From the opening line of the records through the line bearing "Quaternions to Rotation Angles : sharedtransform/Quaternions", set down every line exactly.

━━ Available records

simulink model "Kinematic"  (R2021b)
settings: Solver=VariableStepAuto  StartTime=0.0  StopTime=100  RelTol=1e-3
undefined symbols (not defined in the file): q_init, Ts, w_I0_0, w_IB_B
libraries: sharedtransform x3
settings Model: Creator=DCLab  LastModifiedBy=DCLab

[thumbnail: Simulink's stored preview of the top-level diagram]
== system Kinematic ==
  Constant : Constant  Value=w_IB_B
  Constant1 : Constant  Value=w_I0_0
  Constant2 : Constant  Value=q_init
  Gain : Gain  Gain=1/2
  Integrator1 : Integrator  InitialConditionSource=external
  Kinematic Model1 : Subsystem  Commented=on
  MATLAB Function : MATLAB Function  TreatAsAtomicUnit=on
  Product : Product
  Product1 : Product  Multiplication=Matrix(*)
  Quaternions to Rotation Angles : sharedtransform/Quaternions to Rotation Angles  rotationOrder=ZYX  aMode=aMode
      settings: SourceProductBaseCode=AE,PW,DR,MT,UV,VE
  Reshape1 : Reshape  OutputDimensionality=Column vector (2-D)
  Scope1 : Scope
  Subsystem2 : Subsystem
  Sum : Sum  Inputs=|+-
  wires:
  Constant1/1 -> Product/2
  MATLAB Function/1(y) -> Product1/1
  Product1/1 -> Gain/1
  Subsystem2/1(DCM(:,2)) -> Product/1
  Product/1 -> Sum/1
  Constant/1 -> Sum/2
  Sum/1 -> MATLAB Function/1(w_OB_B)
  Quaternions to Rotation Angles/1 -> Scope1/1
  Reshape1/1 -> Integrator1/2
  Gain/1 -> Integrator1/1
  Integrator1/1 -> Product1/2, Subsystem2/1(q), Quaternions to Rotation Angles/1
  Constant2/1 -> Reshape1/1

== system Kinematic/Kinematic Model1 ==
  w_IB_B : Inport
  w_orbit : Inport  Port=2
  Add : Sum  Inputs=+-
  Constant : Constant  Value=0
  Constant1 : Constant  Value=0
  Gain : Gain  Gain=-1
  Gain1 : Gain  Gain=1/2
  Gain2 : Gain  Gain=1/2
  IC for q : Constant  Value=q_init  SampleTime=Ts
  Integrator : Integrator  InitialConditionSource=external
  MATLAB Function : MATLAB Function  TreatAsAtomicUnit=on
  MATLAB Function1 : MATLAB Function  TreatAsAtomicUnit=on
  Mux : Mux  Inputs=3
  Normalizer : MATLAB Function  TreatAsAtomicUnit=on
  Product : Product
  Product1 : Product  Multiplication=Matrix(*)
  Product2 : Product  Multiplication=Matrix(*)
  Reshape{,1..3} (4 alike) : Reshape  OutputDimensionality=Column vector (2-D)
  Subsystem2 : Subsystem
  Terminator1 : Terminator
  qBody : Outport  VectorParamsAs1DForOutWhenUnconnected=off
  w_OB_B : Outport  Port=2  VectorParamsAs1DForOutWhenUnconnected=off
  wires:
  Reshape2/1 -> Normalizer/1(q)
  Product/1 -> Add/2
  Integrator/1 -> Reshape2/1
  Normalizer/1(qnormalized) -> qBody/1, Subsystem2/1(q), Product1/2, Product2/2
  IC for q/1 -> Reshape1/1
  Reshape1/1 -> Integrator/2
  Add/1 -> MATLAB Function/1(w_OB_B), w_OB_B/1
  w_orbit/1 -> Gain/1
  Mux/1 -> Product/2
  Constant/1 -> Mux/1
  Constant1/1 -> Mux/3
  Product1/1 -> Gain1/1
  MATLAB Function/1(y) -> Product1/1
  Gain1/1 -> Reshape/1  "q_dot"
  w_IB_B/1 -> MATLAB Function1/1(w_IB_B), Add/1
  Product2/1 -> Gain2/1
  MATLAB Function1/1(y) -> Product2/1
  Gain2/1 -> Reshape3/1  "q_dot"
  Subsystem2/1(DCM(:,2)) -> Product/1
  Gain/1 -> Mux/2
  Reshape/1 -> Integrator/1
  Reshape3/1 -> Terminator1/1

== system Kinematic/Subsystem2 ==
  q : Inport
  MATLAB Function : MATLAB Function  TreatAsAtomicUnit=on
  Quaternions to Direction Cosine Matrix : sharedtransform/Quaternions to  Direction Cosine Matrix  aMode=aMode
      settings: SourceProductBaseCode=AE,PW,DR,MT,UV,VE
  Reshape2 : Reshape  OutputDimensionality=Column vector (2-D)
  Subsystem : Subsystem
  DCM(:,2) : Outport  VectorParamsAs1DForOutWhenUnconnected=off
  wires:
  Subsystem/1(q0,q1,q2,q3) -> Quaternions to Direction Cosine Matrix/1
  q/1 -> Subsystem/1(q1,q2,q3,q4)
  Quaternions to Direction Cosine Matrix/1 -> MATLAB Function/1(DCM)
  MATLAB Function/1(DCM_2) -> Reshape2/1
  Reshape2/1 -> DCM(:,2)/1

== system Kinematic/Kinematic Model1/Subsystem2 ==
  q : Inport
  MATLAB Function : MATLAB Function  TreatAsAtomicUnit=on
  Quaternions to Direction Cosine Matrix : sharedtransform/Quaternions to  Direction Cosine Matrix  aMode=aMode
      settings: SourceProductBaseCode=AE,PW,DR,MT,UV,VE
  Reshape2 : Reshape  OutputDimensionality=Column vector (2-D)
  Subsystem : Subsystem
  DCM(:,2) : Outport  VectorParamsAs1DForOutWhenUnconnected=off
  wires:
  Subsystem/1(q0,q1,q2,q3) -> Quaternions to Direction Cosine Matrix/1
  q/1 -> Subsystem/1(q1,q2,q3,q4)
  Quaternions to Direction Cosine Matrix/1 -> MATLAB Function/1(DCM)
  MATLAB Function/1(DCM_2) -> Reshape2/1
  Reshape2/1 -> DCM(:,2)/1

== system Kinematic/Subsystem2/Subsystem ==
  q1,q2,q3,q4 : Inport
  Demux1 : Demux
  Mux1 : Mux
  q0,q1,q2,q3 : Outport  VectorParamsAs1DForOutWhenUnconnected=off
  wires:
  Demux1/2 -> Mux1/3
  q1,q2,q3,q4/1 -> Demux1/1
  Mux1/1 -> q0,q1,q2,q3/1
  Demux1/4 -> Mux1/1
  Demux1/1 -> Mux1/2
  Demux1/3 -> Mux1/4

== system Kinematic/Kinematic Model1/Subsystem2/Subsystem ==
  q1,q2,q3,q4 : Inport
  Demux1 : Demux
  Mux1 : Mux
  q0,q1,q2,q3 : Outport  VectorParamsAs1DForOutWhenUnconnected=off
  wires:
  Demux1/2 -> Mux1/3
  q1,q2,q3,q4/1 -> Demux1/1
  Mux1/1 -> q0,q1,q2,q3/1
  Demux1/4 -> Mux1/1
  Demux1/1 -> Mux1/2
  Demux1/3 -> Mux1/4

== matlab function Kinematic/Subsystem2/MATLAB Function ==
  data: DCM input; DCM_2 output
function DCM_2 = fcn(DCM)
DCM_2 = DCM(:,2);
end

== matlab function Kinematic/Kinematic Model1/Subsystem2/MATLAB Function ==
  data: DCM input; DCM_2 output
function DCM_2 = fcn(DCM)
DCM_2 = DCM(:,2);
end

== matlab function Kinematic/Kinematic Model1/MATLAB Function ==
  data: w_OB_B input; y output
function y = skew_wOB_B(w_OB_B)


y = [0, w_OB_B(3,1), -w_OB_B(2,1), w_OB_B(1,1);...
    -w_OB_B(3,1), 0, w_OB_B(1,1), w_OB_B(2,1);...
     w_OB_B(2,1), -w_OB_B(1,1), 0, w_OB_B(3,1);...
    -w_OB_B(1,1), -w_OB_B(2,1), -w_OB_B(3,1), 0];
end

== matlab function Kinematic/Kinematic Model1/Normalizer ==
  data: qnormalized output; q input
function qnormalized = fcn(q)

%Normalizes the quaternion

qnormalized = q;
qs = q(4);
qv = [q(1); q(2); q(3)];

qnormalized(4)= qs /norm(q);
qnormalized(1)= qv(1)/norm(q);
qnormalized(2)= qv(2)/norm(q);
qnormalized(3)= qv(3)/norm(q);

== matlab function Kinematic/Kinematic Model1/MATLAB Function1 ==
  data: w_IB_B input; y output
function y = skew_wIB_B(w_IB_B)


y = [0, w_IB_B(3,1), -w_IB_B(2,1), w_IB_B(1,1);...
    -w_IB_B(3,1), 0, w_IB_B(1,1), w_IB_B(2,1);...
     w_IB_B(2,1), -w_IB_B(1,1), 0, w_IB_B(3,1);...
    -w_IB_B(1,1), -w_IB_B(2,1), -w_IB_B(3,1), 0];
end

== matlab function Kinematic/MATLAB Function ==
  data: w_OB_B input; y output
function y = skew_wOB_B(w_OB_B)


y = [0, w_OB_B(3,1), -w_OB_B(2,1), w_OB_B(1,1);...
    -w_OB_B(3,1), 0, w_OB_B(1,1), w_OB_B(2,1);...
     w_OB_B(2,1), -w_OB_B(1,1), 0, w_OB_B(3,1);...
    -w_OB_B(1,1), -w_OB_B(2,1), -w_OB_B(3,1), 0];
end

━━━━

• **Solution to this exercise**
simulink model "Kinematic"  (R2021b)
settings: Solver=VariableStepAuto  StartTime=0.0  StopTime=100  RelTol=1e-3
undefined symbols (not defined in the file): q_init, Ts, w_I0_0, w_IB_B
libraries: sharedtransform x3
settings Model: Creator=DCLab  LastModifiedBy=DCLab

[thumbnail: Simulink's stored preview of the top-level diagram]
== system Kinematic ==
  Constant : Constant  Value=w_IB_B
  Constant1 : Constant  Value=w_I0_0
  Constant2 : Constant  Value=q_init
  Gain : Gain  Gain=1/2
  Integrator1 : Integrator  InitialConditionSource=external
  Kinematic Model1 : Subsystem  Commented=on
  MATLAB Function : MATLAB Function  TreatAsAtomicUnit=on
  Product : Product
  Product1 : Product  Multiplication=Matrix(*)
  Quaternions to Rotation Angles : sharedtransform/Quaternions to Rotation Angles  rotationOrder=ZYX  aMode=aMode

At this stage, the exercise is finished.